Rachel Simmons' work explores the economy and ecology of independence

Rachel Simmons' work explores the economy and ecology of independence
Rachel Simmons

Multidisciplinary visual artist Rachel Simmons teaches printmaking, book arts and environmental art courses at Rollins College. Simmons has traveled extensively abroad, seeking to learn how other countries are addressing our shared ecological challenges.

In Iceland, she was fascinated with the country's dedication to renewable energy and how it is reshaping the landscape. She created a series of works on paper in collaboration with her colleague Lee Lines in 2013, The Aesthetics of Scale: Icelandic Landscapes and Beyond, transferring Lines' photographs to etchings and further embellishing them with hand-drawn detail.

In Namibia, which she visited this past May, her attention was drawn to the country's booming ecotourism industry. She noted that Namibia aggressively cultivates its image as an "eco-destination" – a place of harmony that celebrates its flora and fauna and the tribes living on the land. When she arrived in the country, she realized that this image is a publicity construct reminiscent of a Benetton ad, a Hallmark card of artificial harmony. In her most recent work, Simmons creates a forceful visual representation of Namibia's current discontent amid its desire to present a unified national identity.

Namibia has been independent since 1990 and is struggling to forge its own identity. Beyond the obvious conflicts between rich and poor, global and local, traditional and contemporary, Simmons observed the country's "new nationalism" vis-a-vis its continuing dependence on the values of its European colonizers. Simmons saw advertising that featured a Namibian woman wearing a leather skirt while shopping for ketchup, side by side with women of the Bushmen tribe wearing traditional "topless" costume. This troubling juxtaposition was emblematic of the generally confused representation of the Namibian identity, its striving toward independence coupled with a need to appeal to Western economic power. These mixed messages distressed Simmons and prompted her to document the conflict.

Simmons used pages of The Africans (a book by David Lamb written in 1982) as raw material for an art book, The Namibians, an artifact that captures her complex reflections on Namibian culture, landscape and infrastructure.
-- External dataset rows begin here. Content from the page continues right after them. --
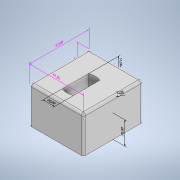
# Autodesk Inventor part: PVC_Camera_Adaptator
Saved by Autodesk Inventor 2020.3 (Build 243373000, 373)
## iProperties
Created: 2021-02-23
Part Number: PVC_Camera_Adaptator
Material: Generic
Document SubType Name: Modeling
Designer: super
Density: 1 g/cm^3
Appearance: Default
Author: super
Autodesk Inventor part; units mm, degrees
ref_plane "YZ Plane" through (0, 0, 0) normal (1, 0, 0) x (0, 1, 0)
ref_plane "XZ Plane" through (0, 0, 0) normal (0, 1, 0) x (-1, 0, 0)
ref_plane "XY Plane" through (0, 0, 0) normal (0, 0, 1) x (1, 0, 0)
sketch "Sketch1" plane through (0, 0, 0) normal (0, 1, 0) x (-1, 0, 0)
  line L0 (0, 0) -> (-47, 0)
  line L1 (-47, 0) -> (-47, -52)
  line L2 (-47, -52) -> (0, -52)
  line L3 (0, -52) -> (0, 0)
  dimension "d0" = 47
  dimension "d1" = 52
  constraints: 8 end point, 2 parallel, 1 horizontal, 1 perpendicular
  measures "d0" distance of L2.end L1.end
  measures "d1" distance of L1.end L0.end
extrude "Extrusion1" add sketch "Sketch1" along normal blind 32
sketch "Sketch2" plane through (0, 32, 0) normal (0, 1, 0) x (1, 0, 0)
  line L0 (0, 0) -> (47, 0) projected
  line L1 (0, 52) -> (0, 0) projected
  line L2 (47, 0) -> (47, 52) projected
  line L3 (28.5, 21.5) -> (28.5, 34)
  line L4 (28.5, 34) -> (18.5, 34)
  line L5 (18.5, 34) -> (18.5, 9)
  line L6 (18.5, 9) -> (28.5, 9)
  line L7 (28.5, 9) -> (28.5, 21.5)
  circle A0 centre (23.5, 21.5) radius 12.5
  point P0 (28.5, 10.0436)
  point P1 (28.5, 32.9564)
  point P2 (18.5, 32.9564)
  point P3 (18.5, 10.0436)
  dimension "d7" = 12.5
  dimension "d8" = 10
  dimension "d9" = 25
  dimension "d10" = 25
  constraints: 10 end point, 4 perpendicular, 1 centre point, 1 point on line
  measures "d7" distance of L3.start L3.end
  measures "d8" distance of L3.end L4.end
  measures "d9" distance of L4.end L5.end
  measures "d10" diameter of A0
extrude "Extrusion2" cut sketch "Sketch2" against normal blind 11 contours L7 A0 L5 L3
sketch "Sketch3" plane through (0, 0, 0) normal (0, -1, 0) x (1, 0, 0)
  line L0 (0, -52) -> (0, 0) projected
  line L1 (47, 0) -> (47, -52) projected
  circle A0 centre (23.5, -26) radius 13.5
  circle A1 centre (23.5, -26) radius 10.5
  dimension "d15" = 27
  dimension "d16" = 21
  constraints: 2 centre point, 1 coincident
  measures "d15" diameter of A0
  measures "d16" diameter of A1
extrude "Extrusion3" cut sketch "Sketch3" against normal blind 20
fillet "Fillet1" radius 2 8 edges at (23.5, 32, 0) (47, 32, -26) (23.5, 32, -52) (47, 16, -52) (47, 16, 0) (0, 16, -52) (0, 32, -26) (0, 16, 0)
body "Solid1"
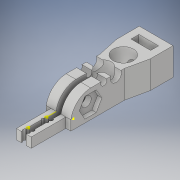
# Autodesk Inventor part: NeuroprobeholdermajigerV3.5SmallerstillStrongerNut
Saved by Autodesk Inventor 2017 (Build 210142000, 142)
## iProperties
Created: 2016-09-01
Part Number: NeuroprobeholdermajigerV3.5SmallerstillStrongerNut
Material: Generic
Document SubType Name: Modeling
Designer: andrew
Density: 1 g/cm^3
Appearance: Default
Author: andrew
Autodesk Inventor part; units mm, degrees
ref_plane "YZ Plane" through (0, 0, 0) normal (1, 0, 0) x (0, 1, 0)
ref_plane "XZ Plane" through (0, 0, 0) normal (0, 1, 0) x (-1, 0, 0)
ref_plane "XY Plane" through (0, 0, 0) normal (0, 0, 1) x (1, 0, 0)
sketch "Sketch1" plane through (0, 0, 0) normal (0, 1, 0) x (-1, 0, 0)
  line L0 (10.16, 7.62) -> (10.16, -36.068)
  line L1 (0, -36.068) -> (0, 3.81) construction
  circle A0 centre (5.08, -25.908) radius 2.9655
  line L2 (10.16, 7.62) -> (6.096, 7.62) construction
  line L3 (3.9775, 7.62) -> (0.0978, 7.62) construction
  line L4 (4.064, 3.81) -> (4.064, -11.0001) construction
  arc A1 (4.064, -14.8101) -> (6.096, -14.812) centre (5.0772, -17.8191) ccw
  line L5 (5.08, -31.75) -> (24.746, -31.75) construction
  line L6 (0, -4.7834) -> (2.794, -4.7834) construction
  line L7 (2.794, -13.6734) -> (0, -13.6734) construction
  line L8 (0, -13.6734) -> (0, -4.7834) construction
  line L9 (4.064, -4.7834) -> (0, -4.7834) construction
  line L10 (5.08, -31.75) -> (9.398, -31.75) construction
  line L11 (10.16, 7.62) -> (6.096, 7.62)
  line L12 (4.064, 7.62) -> (0, 7.62)
  line L13 (0, 0) -> (0, -36.068)
  line L14 (5.08, -36.068) -> (8.255, -36.068) construction
  line L15 (10.16, -36.068) -> (10.16, -39.243)
  line L16 (10.16, -39.243) -> (0, -39.243)
  line L17 (0, -39.243) -> (0, -36.068)
  line L18 (5.0772, -17.8191) -> (26.8769, -17.8191) construction
  arc A2 (4.064, 7.0772) -> (4.064, 5.9038) centre (4.307, 6.4905) ccw
  line L19 (4.064, 7.0772) -> (4.064, 7.62)
  arc A3 (4.064, 5.6778) -> (4.064, 4.0999) centre (4.307, 4.8889) ccw
  line L20 (4.064, -7.1901) -> (4.064, 4.0999)
  line L21 (4.064, 5.6778) -> (4.064, 5.9038)
  line L22 (4.064, 4.0999) -> (4.064, 3.81) construction
  line L23 (4.064, 7.62) -> (4.064, 7.0772) construction
  line L24 (4.064, 5.9038) -> (4.064, 5.6778) construction
  arc A4 (6.0904, 5.9038) -> (6.0904, 7.0772) centre (5.8475, 6.4905) ccw
  arc A5 (6.0904, 4.0999) -> (6.0904, 5.6778) centre (5.8475, 4.8889) ccw
  line L25 (6.096, 7.0749) -> (6.096, 7.62) construction
  line L26 (6.096, 4.1017) -> (6.096, -14.812)
  line L27 (6.096, 7.62) -> (6.096, 7.0749)
  line L28 (6.096, 5.9062) -> (6.096, 5.6761)
  line L29 (6.096, 3.81) -> (6.096, 4.1017) construction
  line L30 (6.096, 5.6761) -> (6.096, 5.9062) construction
  line L31 (0, 0) -> (0, 7.62)
  line L32 (4.064, -7.1901) -> (4.064, -14.8101)
  dimension "d0" = 10.16
  dimension "d1" = 5.9309
  dimension "d2" = 33.528
  dimension "d3" = 6.35
  constraints: 66 end point, 14 point on circle, 10 perpendicular, 6 centre point, 6 horizontal, 4 point on line, 4 vertical, 2 parallel, 1 collinear
  measures "d0" distance of L0.end L1.start
  measures "d1" diameter of A0
  measures "d2" distance from line of L2 A0.centre
  measures "d3" diameter of A1
extrude "Extrusion1" add sketch "Sketch1" along normal blind 4.064
sketch "Sketch3" plane through (0, 0, 7.62) normal (1, 0, 0) x (0, 0, -1)
  line L0 (3.5183, 0) -> (14.9483, 0) construction
  line L1 (3.5183, 0) -> (14.9483, 0) construction
  line L2 (14.9483, 0) -> (14.9483, 3.81) construction
  line L3 (19.5929, 8.2094) -> (17.2434, 4.14) construction
  line L4 (17.2434, 4.14) -> (12.5444, 4.14) construction
  line L5 (12.5444, 4.14) -> (10.1949, 8.2094) construction
  line L6 (10.1949, 8.2094) -> (12.5444, 12.2789) construction
  line L7 (12.5444, 12.2789) -> (17.2434, 12.2789) construction
  line L8 (17.2434, 12.2789) -> (19.5929, 8.2094) construction
  line L9 (14.8939, 4.14) -> (14.8939, 5.4124) construction
  line L10 (10.1949, 8.2094) -> (6.3849, 8.2094) construction
  line L11 (22.4301, 4.064) -> (3.5201, 4.064) construction
  line L12 (10.1949, 8.2094) -> (14.0049, 8.2094) construction
  line L13 (6.3849, 8.2094) -> (6.3849, 0.1438) construction
  line L14 (14.8939, 12.2789) -> (14.8939, 16.4188) construction
  line L15 (14.8939, 16.4188) -> (-4.3508, 16.4188) construction
  line L16 (0, 0) -> (46.863, 0) construction
  line L17 (46.863, 0) -> (46.863, 17.6638) construction
  line L18 (46.863, 0) -> (64.5268, 0) construction
  line L19 (46.863, 0) -> (6.0583, 0)
  line L20 (6.0583, 0) -> (6.0583, 16.4188)
  line L21 (6.0583, 16.4188) -> (46.863, 16.4188)
  line L22 (46.863, 16.4188) -> (46.863, 0)
  line L23 (19.5929, 8.2094) -> (17.2434, 4.14)
  line L24 (17.2434, 4.14) -> (12.5444, 4.14)
  line L25 (12.5444, 4.14) -> (10.1949, 8.2094)
  line L26 (10.1949, 8.2094) -> (12.5444, 12.2789)
  line L27 (12.5444, 12.2789) -> (17.2434, 12.2789)
  line L28 (17.2434, 12.2789) -> (19.5929, 8.2094)
  point P0 (14.8939, 8.2094)
  point P1 (14.8939, 8.2094)
  dimension "d27" = 0
  dimension "d31" = 9.398
  dimension "d35" = 90
  constraints: 54 end point, 4 horizontal, 3 equal length, 3 parallel, 3 perpendicular, 3 vertical, 2 midpoint, 1 coincident, 1 point on line, 26 other
  measures "d27" distance between parallel lines of L0 L1
  measures "d31" distance of L3.start L5.end
  measures "d35" angle of L18 L17
extrude "Extrusion2" add sketch "Sketch3" against normal blind 10.16
sketch "Sketch5" plane through (0, 0, 0) normal (0, -1, 0) x (1, 0, 0)
  arc A0 (-4.0696, 4.0999) -> (-4.0696, 5.6778) centre (-4.3125, 4.8889) ccw
  line L0 (-4.064, 3.81) -> (-4.064, 4.1017) construction
  line L1 (-6.096, 4.0999) -> (-6.096, 3.81) construction
  line L2 (-6.096, 3.81) -> (-6.096, -11.0001) construction
  line L3 (-6.096, -7.1901) -> (-6.096, 4.0999)
  circle A1 centre (-5.08, -25.908) radius 2.9655
  line L4 (-4.064, 4.1017) -> (-4.064, -14.812)
  arc A2 (-6.096, -14.8101) -> (-4.064, -14.812) centre (-5.0828, -17.8191) ccw
  line L5 (-6.096, 5.6778) -> (-6.096, 5.9038)
  line L6 (-6.096, 5.9038) -> (-6.096, 5.6778) construction
  line L7 (-4.064, 5.9062) -> (-4.064, 5.6761)
  line L8 (-4.064, 5.6761) -> (-4.064, 5.9062) construction
  arc A3 (-6.096, 5.6778) -> (-6.096, 4.0999) centre (-5.853, 4.8889) ccw
  arc A4 (-4.0696, 5.9038) -> (-4.0696, 7.0772) centre (-4.3125, 6.4905) ccw
  line L9 (-4.064, 7.0749) -> (-4.064, 7.62) construction
  line L10 (-4.064, 7.62) -> (-4.064, 7.0749)
  line L11 (-6.096, 7.0772) -> (-6.096, 7.62)
  line L12 (-6.096, 7.62) -> (-6.096, 7.0772) construction
  arc A5 (-6.096, 7.0772) -> (-6.096, 5.9038) centre (-5.853, 6.4905) ccw
  line L13 (-5.08, -36.068) -> (-1.905, -36.068) construction
  line L14 (-6.096, -7.1901) -> (-6.096, -14.8101)
  line L15 (-4.064, 7.62) -> (-6.096, 7.62)
  dimension "d41" = 5.9309
  dimension "d43" = 6.35
  constraints: 32 end point, 14 point on circle, 6 centre point, 2 horizontal, 2 point on line, 2 vertical
  measures "d41" diameter of A1
  measures "d43" diameter of A2
extrude "Extrusion4" cut sketch "Sketch5" against normal blind 25.4
sketch "Sketch6" plane through (-10.16, 0, 7.62) normal (-1, 0, 0) x (0, 0, 1)
  line L0 (-17.2434, 4.14) -> (-19.5929, 8.2094) construction
  line L1 (-17.2434, 4.14) -> (-19.5929, 8.2094) construction
  line L2 (-19.5929, 8.2094) -> (-17.2434, 12.2789) construction
  line L3 (-19.5929, 8.2094) -> (-17.2434, 12.2789) construction
  line L4 (-12.5444, 4.14) -> (-17.2434, 4.14) construction
  line L5 (-12.5444, 4.14) -> (-17.2434, 4.14) construction
  line L6 (-10.1949, 8.2094) -> (-12.5444, 4.14) construction
  line L7 (-10.1949, 8.2094) -> (-12.5444, 4.14) construction
  line L8 (-12.5444, 12.2789) -> (-10.1949, 8.2094) construction
  line L9 (-12.5444, 12.2789) -> (-10.1949, 8.2094) construction
  line L10 (-17.2434, 12.2789) -> (-12.5444, 12.2789) construction
  line L11 (-17.2434, 12.2789) -> (-12.5444, 12.2789) construction
  line L12 (-17.7217, 12.9114) -> (-12.2358, 13.0093)
  line L13 (-12.2358, 13.0093) -> (-9.408, 8.3073)
  line L14 (-9.408, 8.3073) -> (-12.0662, 3.5074)
  line L15 (-12.0662, 3.5074) -> (-17.5521, 3.4095)
  line L16 (-17.5521, 3.4095) -> (-20.3798, 8.1115)
  line L17 (-20.3798, 8.1115) -> (-17.7217, 12.9114)
  point P0 (-14.8939, 8.2094)
  constraints: 12 end point, 13 other
extrude "Extrusion5" add sketch "Sketch6" against normal blind 4.064
sketch "Sketch7" plane through (-4.064, 0, 4.0999) normal (-1, 0, 0) x (0, 0, 1)
  line L0 (3.5201, 4.064) -> (-2.5383, 4.064) projected
  line L1 (3.5201, 0) -> (3.5201, 4.064) projected
  line L2 (-43.3429, 0) -> (3.5201, 0) projected
  line L3 (-43.3429, 0) -> (-43.3429, 16.4188) projected
  line L4 (-2.5383, 16.4188) -> (-43.3429, 16.4188) projected
  line L5 (-2.5383, 4.064) -> (-2.5383, 16.4188) projected
  line L6 (-9.0243, 4.14) -> (-6.6748, 8.2094) projected
  line L7 (-6.6748, 8.2094) -> (-9.0243, 12.2789) projected
  line L8 (-9.0243, 12.2789) -> (-13.7233, 12.2789) projected
  line L9 (-13.7233, 12.2789) -> (-16.0728, 8.2094) projected
  line L10 (-16.0728, 8.2094) -> (-13.7233, 4.14) projected
  line L11 (-6.6748, 8.2094) -> (-9.0243, 12.2789) projected
  line L12 (-6.6748, 8.2094) -> (-9.0243, 12.2789) projected
  line L13 (-9.0243, 12.2789) -> (-13.7233, 12.2789) projected
  line L14 (-9.0243, 12.2789) -> (-13.7233, 12.2789) projected
  line L15 (-8.9865, 4.2054) -> (-6.6748, 8.2094) projected
  line L16 (3.5201, 4.064) -> (-2.5383, 4.064) projected
  line L17 (-2.5383, 4.064) -> (0, 4.064) projected
  line L18 (-16.0728, 8.2094) -> (-13.7233, 4.14) projected
  line L19 (-16.0728, 8.2094) -> (-13.7233, 4.14) projected
  line L20 (-13.7233, 12.2789) -> (-16.0728, 8.2094) projected
  line L21 (-13.7233, 12.2789) -> (-16.0728, 8.2094) projected
  line L22 (0, 4.064) -> (1.5779, 4.064) projected
  line L23 (1.5779, 4.064) -> (1.8039, 4.064) projected
  line L24 (1.8039, 4.064) -> (2.9773, 4.064) projected
  line L25 (2.9773, 4.064) -> (3.5201, 4.064) projected
  line L26 (-13.7233, 4.14) -> (-9.0243, 4.14) projected
  point P0 (-4.0999, 0)
  point P1 (-8.7416, 4.064)
  constraints: 1 other
extrude "Extrusion6" add sketch "Sketch7" against normal blind 2.286 contours L26 L10 L9 L8 L7 L6
sketch "Sketch8" plane through (-1.778, 0, 4.0999) normal (1, 0, 0) x (0, 0, -1)
  line L0 (9.0243, 12.2789) -> (13.7233, 12.2789) projected
  line L1 (-3.5201, 4.064) -> (2.5383, 4.064) projected
  circle A0 centre (11.4283, 8.3364) radius 2.0066
  point P0 (4.0999, 0)
  point P1 (8.7416, 4.064)
  point P2 (14.1149, 4.064)
  dimension "d50" = 4.0132
  constraints: 1 centre point
  measures "d50" diameter of A0
extrude "Extrusion7" cut sketch "Sketch8" against normal blind 25.4
fillet "Fillet1" radius 3.175 2 edges at (-6.096, 8.2094, -14.8101) (-4.064, 8.2094, -14.812)
sketch "Sketch9" plane through (0, 16.4188, 1.5617) normal (0, 1, 0) x (1, 0, 0)
  circle A0 centre (-5.08, 27.4697) radius 2.9655 projected
  circle A1 centre (-5.08, 27.4697) radius 4.191
  point P0 (0, 1.5617)
  dimension "d54" = 8.382
  constraints: 1 centre point, 1 coincident
  measures "d54" diameter of A1
extrude "Extrusion8" cut sketch "Sketch9" against normal blind 5.08 contours A0 | A1
sketch "Sketch13" plane through (0, 16.4188, 1.5617) normal (0, 1, 0) x (1, 0, 0)
  circle A0 centre (-5.08, 27.4697) radius 4.191 construction
  arc A1 (-2.9859, 16.9967) -> (-4.064, 14.6126) centre (-0.889, 14.6126) ccw construction
  line L0 (-4.064, 14.6126) -> (-4.064, 0) construction
  line L1 (0, 0) -> (-4.064, 0) construction
  line L2 (0, 0) -> (0, 40.8047) construction
  line L3 (0, 40.8047) -> (-10.16, 40.8047) construction
  line L4 (-10.16, 0) -> (-10.16, 40.8047) construction
  line L5 (-6.096, 0) -> (-10.16, 0) construction
  line L6 (-6.096, 0) -> (-6.096, 14.6078) construction
  arc A2 (-6.096, 14.6078) -> (-7.1769, 16.9942) centre (-9.271, 14.6078) ccw construction
  arc A3 (-2.9859, 16.9967) -> (-7.1769, 16.9942) centre (-5.0828, 19.3807) ccw construction
  line L7 (-5.0846, 23.2787) -> (-5.0846, 34.5411) construction
  line L8 (-5.0846, 23.2787) -> (6.1779, 23.2787) construction
  circle A4 centre (-5.08, 27.4697) radius 4.191 construction
  circle A5 centre (-5.08, 27.4697) radius 4.191 construction
  line L9 (-5.0421, 31.6605) -> (-5.0421, 38.0105) construction
  line L10 (-5.0421, 31.6605) -> (1.3079, 31.6605) construction
  line L11 (-5.0421, 38.0105) -> (15.4873, 38.0105) construction
  line L12 (0, 40.8047) -> (0, -6.0583) projected
  line L13 (0, 38.0105) -> (-11.0208, 38.0105)
  line L14 (-11.0208, 38.0105) -> (-11.0208, 41.2867)
  line L15 (-11.0208, 41.2867) -> (0, 41.2867)
  line L16 (0, 41.2867) -> (0, 38.0105)
  point P0 (0, 1.5617)
  dimension "d63" = 90
  dimension "d64" = 6.35
  dimension "d65" = 90
  dimension "d66" = 90
  constraints: 18 end point, 3 horizontal, 3 parallel, 3 perpendicular, 2 point on line, 1 coincident, 7 other
  measures "d63" angle of L8 L7
  measures "d64" distance of L9.start L9.end
  measures "d65" angle of L10 L9
  measures "d66" angle of L9 L11
extrude "Extrusion11" cut sketch "Sketch13" against normal blind 25.4
sketch "Sketch15" plane through (0, 16.4188, -36.4488) normal (0, 0, -1) x (-1, 0, 0)
  line L0 (10.16, -12.3548) -> (10.16, 0) construction
  line L1 (0, -16.4188) -> (10.16, -16.4188) construction
  line L2 (10.16, -16.4188) -> (10.16, 0) construction
  line L3 (10.16, 0) -> (0, 0) construction
  line L4 (0, 0) -> (0, -16.4188) construction
  line L5 (0, 0) -> (10.16, 0) construction
  line L6 (5.08, 0) -> (5.0828, -16.4188) construction
  line L7 (8.2578, -16.4188) -> (1.9078, -16.4188) construction
  line L8 (10.16, -8.2094) -> (0, -8.2094) construction
  line L9 (10.16, -8.2094) -> (7.62, -12.6088)
  line L10 (7.62, -12.6088) -> (2.54, -12.6088)
  line L11 (2.54, -12.6088) -> (0, -8.2094)
  line L12 (0, -8.2094) -> (2.54, -3.81)
  line L13 (2.54, -3.81) -> (7.62, -3.81)
  line L14 (7.62, -3.81) -> (10.16, -8.2094)
  point P0 (2.9859, -16.4188)
  point P1 (7.1769, -16.4188)
  point P2 (5.08, -8.2094)
  dimension "d76" = 10.16
  constraints: 24 end point, 5 midpoint, 2 parallel, 1 horizontal, 1 perpendicular, 1 point on line, 13 other
  measures "d76" distance of L9.start L11.end
extrude "Extrusion13" cut sketch "Sketch15" against normal blind 1.778
sketch "Sketch16" plane through (0, 16.4188, -34.6708) normal (0, 0, -1) x (-1, 0, 0)
  line L0 (2.54, -3.81) -> (7.62, -3.81) projected
  line L1 (7.62, -12.6088) -> (2.54, -12.6088) projected
  circle A0 centre (5.08, -8.2094) radius 2.0066
  point P0 (0, -16.4188)
  dimension "d79" = 4.0132
  constraints: 1 centre point
  measures "d79" diameter of A0
extrude "Extrusion14" cut sketch "Sketch16" against normal blind 7.62
sketch "Sketch17" plane through (0, 0, 7.62) normal (1, 0, 0) x (0, 0, -1)
  line L0 (10.2086, 16.4188) -> (5.4689, 8.2094) construction
  line L1 (5.4689, 8.2094) -> (10.062, 0.254) construction
  line L2 (24.4278, 8.2094) -> (19.6881, 16.4188) construction
  line L3 (19.6881, 16.4188) -> (10.2086, 16.4188) construction
  line L4 (6.0583, 4.064) -> (6.0583, 16.4188) projected
  arc A0 (14.9483, 21.1494) -> (2.6903, 4.064) centre (14.9483, 8.2094) ccw
  line L5 (6.7389, 8.2094) -> (6.7389, 4.064)
  line L6 (6.7389, 8.2094) -> (10.8523, 8.2094) construction
  line L7 (14.9483, 16.4188) -> (14.9483, 21.1494)
  arc A1 (14.9483, 16.4188) -> (6.7389, 8.2094) centre (14.9483, 8.2094) ccw
  line L8 (2.6903, 4.064) -> (6.7389, 4.064)
  point P0 (7.62, 0)
  dimension "d86" = 270
  constraints: 16 end point, 4 point on circle, 2 centre point, 1 coincident, 1 horizontal, 1 midpoint, 1 vertical
extrude "Extrusion15" cut sketch "Sketch17" against normal blind 12.7
sketch "Sketch19" plane through (0, 0, 0) normal (0, -1, 0) x (1, 0, 0)
  line L0 (0, 7.62) -> (-4.064, 7.62) projected
  line L1 (0, 7.62) -> (-4.064, 7.62)
  line L2 (-4.064, 15.24) -> (-4.064, 14.6972)
  line L3 (-4.064, 13.5238) -> (-4.064, 13.2978)
  line L4 (-4.064, 7.62) -> (0, 7.62)
  arc A0 (-4.064, 11.7199) -> (-4.064, 13.2978) centre (-4.307, 12.5089) ccw
  arc A1 (-4.064, 13.5238) -> (-4.064, 14.6972) centre (-4.307, 14.1105) ccw
  line L5 (0, 15.24) -> (-4.064, 15.24)
  line L6 (-4.064, 11.7199) -> (-4.064, 7.62)
  line L7 (0, 15.24) -> (0, 7.62)
  line L8 (0, 7.62) -> (-4.064, 7.62)
  line L9 (-5.08, 7.62) -> (-5.08, 18.0512)
  line L10 (-10.16, 7.62) -> (-6.096, 7.62)
  line L11 (-10.16, 7.62) -> (-6.096, 7.62)
  line L12 (-6.096, 15.24) -> (-6.096, 14.6972)
  line L13 (-6.096, 13.5238) -> (-6.096, 13.2978)
  line L14 (-6.096, 7.62) -> (-10.16, 7.62)
  arc A2 (-6.096, 13.2978) -> (-6.096, 11.7199) centre (-5.853, 12.5089) ccw
  arc A3 (-6.096, 14.6972) -> (-6.096, 13.5238) centre (-5.853, 14.1105) ccw
  line L15 (-10.16, 15.24) -> (-6.096, 15.24)
  line L16 (-6.096, 11.7199) -> (-6.096, 7.62)
  line L17 (-10.16, 15.24) -> (-10.16, 7.62)
  line L18 (-10.16, 7.62) -> (-6.096, 7.62)
  point P0 (-6.096, 7.62)
  constraints: 36 end point, 12 symmetric about line, 8 point on circle, 4 centre point, 3 collinear, 2 vertical, 1 perpendicular, 2 other
extrude "Extrusion16" add sketch "Sketch19" against normal blind 4.064
sketch "Sketch20" plane through (0, 4.064, 0) normal (0, 1, 0) x (1, 0, 0)
  line L0 (-4.064, -15.24) -> (0, -15.24) construction
  line L1 (-4.064, -15.24) -> (0, -15.24) construction
  line L2 (-2.032, -15.24) -> (-2.032, -0.8811) construction
  line L3 (0, -0.8811) -> (-4.064, -0.8811) construction
  line L4 (-4.064, -7.0772) -> (-4.064, -11.7199) construction
  line L5 (-4.064, -8.8304) -> (-6.1163, -8.8304) construction
  line L6 (-5.0902, -8.8304) -> (-5.0902, -11.9268) construction
  line L7 (-2.032, -15.24) -> (0, -15.24)
  line L8 (0, -15.24) -> (0, -0.8811)
  line L9 (0, -0.8811) -> (-2.032, -0.8811)
  line L10 (-2.032, -0.8811) -> (-2.032, -15.24)
  line L11 (-6.1163, -15.24) -> (-10.1803, -15.24) construction
  line L12 (-6.1163, -15.24) -> (-10.1803, -15.24) construction
  line L13 (-8.1483, -15.24) -> (-8.1483, -0.8811) construction
  line L14 (-10.1803, -0.8811) -> (-6.1163, -0.8811) construction
  line L15 (-6.1163, -7.0772) -> (-6.1163, -11.7199) construction
  line L16 (-6.1163, -8.8304) -> (-4.064, -8.8304) construction
  line L17 (-8.1483, -15.24) -> (-10.1803, -15.24)
  line L18 (-10.1803, -15.24) -> (-10.1803, -0.8811)
  line L19 (-10.1803, -0.8811) -> (-8.1483, -0.8811)
  line L20 (-8.1483, -0.8811) -> (-8.1483, -15.24)
  point P0 (0, 0)
  point P1 (-10.1803, 0)
  constraints: 36 end point, 13 symmetric about line, 3 horizontal, 3 midpoint, 2 parallel, 2 point on line, 1 perpendicular, 1 vertical
extrude "Extrusion17" cut sketch "Sketch20" against normal blind 4.064
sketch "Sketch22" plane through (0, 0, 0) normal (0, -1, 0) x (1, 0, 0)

Lamb's combination of analysis and adventure reflected her own approach: a deep fascination with the African continent, an ambition to learn about its history, and a reluctance to be judgmental.

"I knew that I could only see Namibia's present from my perspective as a woman artist and academic," Simmons says.

She blacked out many of the pages, leaving only random words and sentences of the original text visible. On one page, she inscribed "SWAPO 1990," an homage to the South West Africa People's Organization (the guerrilla organization that fought white rule and has been the elected government since independence in 1990), at the confluence of radiating black and gold stripes.

On another, she placed a photo of a bare-breasted Bushmen woman tinted an industrial pink, a reference to a practice of the Himba tribe, who apply reddish pigments to their bodies to highlight their gender. Her body stands out against the black background, a ripe icon of colonial sexual and racial fantasies. Facing that image, Simmons wrote in chalk-on-blackboard style: "Nationhood is difficult – it means bridging tribal customs, languages and lands," while the words "caste," "system," "tribal" and "affiliations" are arbitrarily distributed around the page in bold sans-serif type. On the same page she writes: "The language of business is English, but what if you have no business," expressing her concern with the country's lack of economic independence.

Simmons' Namibian art book is another powerful example of her ongoing concern with the specter of climate change. Previously, she addressed that issue in a comic book, Future Bear: Past Perfect (in collaboration with her colleague Julian Chambliss), envisioning the fate of a time-traveling polar bear at the advent of global warming. For Simmons, the artist's book is a flexible medium that allows her wide latitude. Simmons is a dedicated artist, scholar and thinker, and an important member of Orlando's growing artists community.

Face to Face: Artists Florida is a semi-regular series profiling the artists who weave the cultural tapestry of Central Florida.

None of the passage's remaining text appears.